-- Opening Marker --

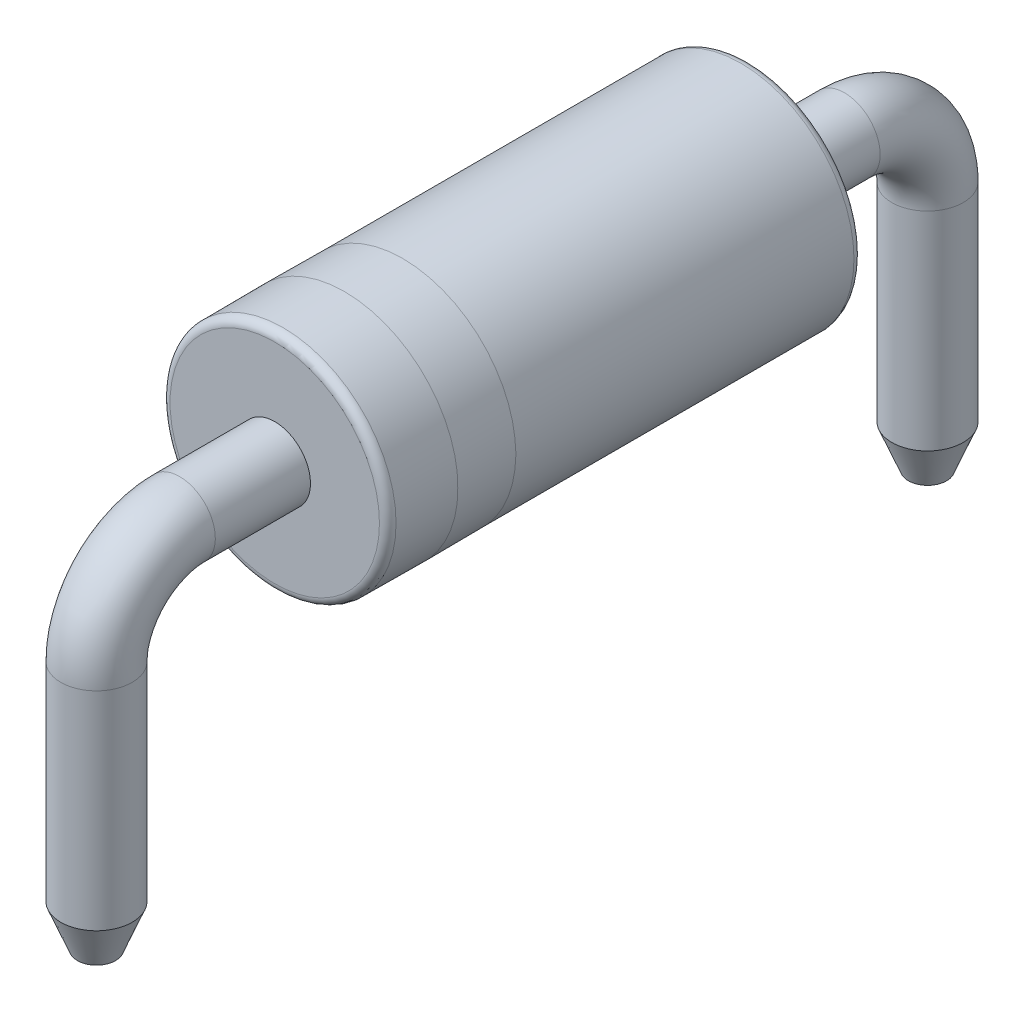
ISO-10303-21;
HEADER;
FILE_DESCRIPTION(('STEP AP214'),'2;1');
FILE_NAME('part.step','',(''),(''),'','','');
FILE_SCHEMA(('AUTOMOTIVE_DESIGN { 1 0 10303 214 1 1 1 1 }'));
ENDSEC;
DATA;
#1=APPLICATION_CONTEXT('core data for automotive mechanical design processes');
#2=APPLICATION_PROTOCOL_DEFINITION('international standard','automotive_design',2000,#1);
#3=PRODUCT_CONTEXT('',#1,'mechanical');
#4=PRODUCT('Part','Part','',(#3));
#5=PRODUCT_RELATED_PRODUCT_CATEGORY('part','',(#4));
#6=PRODUCT_DEFINITION_FORMATION('','',#4);
#7=PRODUCT_DEFINITION_CONTEXT('part definition',#1,'design');
#8=PRODUCT_DEFINITION('design','',#6,#7);
#9=PRODUCT_DEFINITION_SHAPE('','',#8);
#10=(LENGTH_UNIT() NAMED_UNIT(*) SI_UNIT(.MILLI.,.METRE.));
#11=(NAMED_UNIT(*) PLANE_ANGLE_UNIT() SI_UNIT($,.RADIAN.));
#12=(NAMED_UNIT(*) SI_UNIT($,.STERADIAN.) SOLID_ANGLE_UNIT());
#13=UNCERTAINTY_MEASURE_WITH_UNIT(LENGTH_MEASURE(1.E-05),#10,'distance_accuracy_value','');
#14=(GEOMETRIC_REPRESENTATION_CONTEXT(3) GLOBAL_UNCERTAINTY_ASSIGNED_CONTEXT((#13)) GLOBAL_UNIT_ASSIGNED_CONTEXT((#10,
#11,#12)) REPRESENTATION_CONTEXT('',''));
#15=CARTESIAN_POINT('',(0.,0.,0.));
#16=DIRECTION('',(0.,0.,1.));
#17=DIRECTION('',(1.,0.,0.));
#18=AXIS2_PLACEMENT_3D('',#15,#16,#17);
#19=CARTESIAN_POINT('',(0.,3.,3.875));
#20=DIRECTION('',(0.,0.,1.));
#21=DIRECTION('',(1.,0.,0.));
#22=AXIS2_PLACEMENT_3D('',#19,#20,#21);
#23=PLANE('',#22);
#24=CARTESIAN_POINT('',(0.,3.,3.875));
#25=DIRECTION('',(0.,0.,1.));
#26=DIRECTION('',(1.,0.,0.));
#27=AXIS2_PLACEMENT_3D('',#24,#25,#26);
#28=CIRCLE('',#27,1.26);
#29=CARTESIAN_POINT('',(1.26,3.,3.875));
#30=VERTEX_POINT('',#29);
#31=EDGE_CURVE('E56',#30,#30,#28,.T.);
#32=ORIENTED_EDGE('',*,*,#31,.T.);
#33=EDGE_LOOP('',(#32));
#34=FACE_BOUND('',#33,.T.);
#35=CARTESIAN_POINT('',(0.,2.57,3.875));
#36=CARTESIAN_POINT('',(-0.0426271971627502,2.57,3.875));
#37=CARTESIAN_POINT('',(-0.0838888384669353,2.57826232942661,3.875));
#38=CARTESIAN_POINT('',(-0.125955031522002,2.58668576421395,3.875));
#39=CARTESIAN_POINT('',(-0.164553875916989,2.60273180102014,3.875));
#40=CARTESIAN_POINT('',(-0.244041302343987,2.63577574806233,3.875));
#41=CARTESIAN_POINT('',(-0.304055915910215,2.69594408408978,3.875));
#42=CARTESIAN_POINT('',(-0.364847351205123,2.75689123161042,3.875));
#43=CARTESIAN_POINT('',(-0.397268198979853,2.83544612408301,3.875));
#44=CARTESIAN_POINT('',(-0.430108698194749,2.91501782135932,3.875));
#45=CARTESIAN_POINT('',(-0.43,3.,3.875));
#46=CARTESIAN_POINT('',(-0.429889894829274,3.08608217744095,3.875));
#47=CARTESIAN_POINT('',(-0.397268198979853,3.16455387591699,3.875));
#48=CARTESIAN_POINT('',(-0.36422425193762,3.24404130234403,3.875));
#49=CARTESIAN_POINT('',(-0.304055915910215,3.30405591591021,3.875));
#50=CARTESIAN_POINT('',(-0.243108768389557,3.36484735120514,3.875));
#51=CARTESIAN_POINT('',(-0.164553875916989,3.39726819897985,3.875));
#52=CARTESIAN_POINT('',(-0.0852455516116401,3.43,3.875));
#53=CARTESIAN_POINT('',(0.,3.43,3.875));
#54=B_SPLINE_CURVE_WITH_KNOTS('',2,(#35,#36,#37,#38,#39,#40,#41,#42,#43,#44,#45,#46,#47,#48,#49,
#50,#51,#52,#53),.UNSPECIFIED.,.F.,.F.,(3,2,2,2,2,2,2,2,2,3),(0.,0.0625,0.125,0.25,0.375,0.5,
0.625,0.75,0.875,1.),.UNSPECIFIED.);
#55=CARTESIAN_POINT('',(0.,2.57,3.875));
#56=VERTEX_POINT('',#55);
#57=CARTESIAN_POINT('',(0.,3.43,3.875));
#58=VERTEX_POINT('',#57);
#59=EDGE_CURVE('E151',#56,#58,#54,.T.);
#60=ORIENTED_EDGE('',*,*,#59,.T.);
#61=CARTESIAN_POINT('',(0.,3.43,3.875));
#62=CARTESIAN_POINT('',(0.0426271971627491,3.43,3.875));
#63=CARTESIAN_POINT('',(0.0838888384669352,3.42173767057339,3.875));
#64=CARTESIAN_POINT('',(0.125955031522003,3.41331423578605,3.875));
#65=CARTESIAN_POINT('',(0.164553875916989,3.39726819897985,3.875));
#66=CARTESIAN_POINT('',(0.244041302343981,3.36422425193767,3.875));
#67=CARTESIAN_POINT('',(0.304055915910215,3.30405591591021,3.875));
#68=CARTESIAN_POINT('',(0.364847351205144,3.24310876838956,3.875));
#69=CARTESIAN_POINT('',(0.397268198979853,3.16455387591699,3.875));
#70=CARTESIAN_POINT('',(0.430108698194749,3.08498217864064,3.875));
#71=CARTESIAN_POINT('',(0.43,3.,3.875));
#72=CARTESIAN_POINT('',(0.429889894829274,2.91391782255908,3.875));
#73=CARTESIAN_POINT('',(0.397268198979853,2.83544612408301,3.875));
#74=CARTESIAN_POINT('',(0.364224251937647,2.755958697656,3.875));
#75=CARTESIAN_POINT('',(0.304055915910215,2.69594408408978,3.875));
#76=CARTESIAN_POINT('',(0.243108768389568,2.63515264879486,3.875));
#77=CARTESIAN_POINT('',(0.164553875916989,2.60273180102014,3.875));
#78=CARTESIAN_POINT('',(0.085245551611646,2.57,3.875));
#79=CARTESIAN_POINT('',(0.,2.57,3.875));
#80=B_SPLINE_CURVE_WITH_KNOTS('',2,(#61,#62,#63,#64,#65,#66,#67,#68,#69,#70,#71,#72,#73,#74,#75,
#76,#77,#78,#79),.UNSPECIFIED.,.F.,.F.,(3,2,2,2,2,2,2,2,2,3),(0.,0.0625,0.125,0.25,0.375,0.5,
0.625,0.75,0.875,1.),.UNSPECIFIED.);
#81=EDGE_CURVE('E70',#58,#56,#80,.T.);
#82=ORIENTED_EDGE('',*,*,#81,.T.);
#83=EDGE_LOOP('',(#60,#82));
#84=FACE_BOUND('',#83,.T.);
#85=ADVANCED_FACE('F48',(#34,#84),#23,.T.);
#86=CARTESIAN_POINT('',(0.,3.,-1.835));
#87=DIRECTION('',(0.,0.,1.));
#88=DIRECTION('',(1.,0.,0.));
#89=AXIS2_PLACEMENT_3D('',#86,#87,#88);
#90=PLANE('',#89);
#91=CARTESIAN_POINT('',(0.,3.,-1.835));
#92=DIRECTION('',(0.,0.,1.));
#93=DIRECTION('',(1.,0.,0.));
#94=AXIS2_PLACEMENT_3D('',#91,#92,#93);
#95=CIRCLE('',#94,1.26);
#96=CARTESIAN_POINT('',(1.26,3.,-1.835));
#97=VERTEX_POINT('',#96);
#98=EDGE_CURVE('E359',#97,#97,#95,.F.);
#99=ORIENTED_EDGE('',*,*,#98,.T.);
#100=EDGE_LOOP('',(#99));
#101=FACE_BOUND('',#100,.T.);
#102=CARTESIAN_POINT('',(0.,3.,-1.835));
#103=DIRECTION('',(0.,0.,-1.));
#104=DIRECTION('',(0.,1.,0.));
#105=AXIS2_PLACEMENT_3D('',#102,#103,#104);
#106=CIRCLE('',#105,0.43);
#107=CARTESIAN_POINT('',(0.,3.43,-1.835));
#108=VERTEX_POINT('',#107);
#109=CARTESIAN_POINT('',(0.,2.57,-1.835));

-- Closing Marker --

What to do
Could you repeat exactly the lines above from the line with "#61=CARTESIAN_POINT('',(0.,3.43,3.875));" up to and including the line with "#97=VERTEX_POINT('',#96);", and only those?

Reply
#61=CARTESIAN_POINT('',(0.,3.43,3.875));
#62=CARTESIAN_POINT('',(0.0426271971627491,3.43,3.875));
#63=CARTESIAN_POINT('',(0.0838888384669352,3.42173767057339,3.875));
#64=CARTESIAN_POINT('',(0.125955031522003,3.41331423578605,3.875));
#65=CARTESIAN_POINT('',(0.164553875916989,3.39726819897985,3.875));
#66=CARTESIAN_POINT('',(0.244041302343981,3.36422425193767,3.875));
#67=CARTESIAN_POINT('',(0.304055915910215,3.30405591591021,3.875));
#68=CARTESIAN_POINT('',(0.364847351205144,3.24310876838956,3.875));
#69=CARTESIAN_POINT('',(0.397268198979853,3.16455387591699,3.875));
#70=CARTESIAN_POINT('',(0.430108698194749,3.08498217864064,3.875));
#71=CARTESIAN_POINT('',(0.43,3.,3.875));
#72=CARTESIAN_POINT('',(0.429889894829274,2.91391782255908,3.875));
#73=CARTESIAN_POINT('',(0.397268198979853,2.83544612408301,3.875));
#74=CARTESIAN_POINT('',(0.364224251937647,2.755958697656,3.875));
#75=CARTESIAN_POINT('',(0.304055915910215,2.69594408408978,3.875));
#76=CARTESIAN_POINT('',(0.243108768389568,2.63515264879486,3.875));
#77=CARTESIAN_POINT('',(0.164553875916989,2.60273180102014,3.875));
#78=CARTESIAN_POINT('',(0.085245551611646,2.57,3.875));
#79=CARTESIAN_POINT('',(0.,2.57,3.875));
#80=B_SPLINE_CURVE_WITH_KNOTS('',2,(#61,#62,#63,#64,#65,#66,#67,#68,#69,#70,#71,#72,#73,#74,#75,
#76,#77,#78,#79),.UNSPECIFIED.,.F.,.F.,(3,2,2,2,2,2,2,2,2,3),(0.,0.0625,0.125,0.25,0.375,0.5,
0.625,0.75,0.875,1.),.UNSPECIFIED.);
#81=EDGE_CURVE('E70',#58,#56,#80,.T.);
#82=ORIENTED_EDGE('',*,*,#81,.T.);
#83=EDGE_LOOP('',(#60,#82));
#84=FACE_BOUND('',#83,.T.);
#85=ADVANCED_FACE('F48',(#34,#84),#23,.T.);
#86=CARTESIAN_POINT('',(0.,3.,-1.835));
#87=DIRECTION('',(0.,0.,1.));
#88=DIRECTION('',(1.,0.,0.));
#89=AXIS2_PLACEMENT_3D('',#86,#87,#88);
#90=PLANE('',#89);
#91=CARTESIAN_POINT('',(0.,3.,-1.835));
#92=DIRECTION('',(0.,0.,1.));
#93=DIRECTION('',(1.,0.,0.));
#94=AXIS2_PLACEMENT_3D('',#91,#92,#93);
#95=CIRCLE('',#94,1.26);
#96=CARTESIAN_POINT('',(1.26,3.,-1.835));
#97=VERTEX_POINT('',#96);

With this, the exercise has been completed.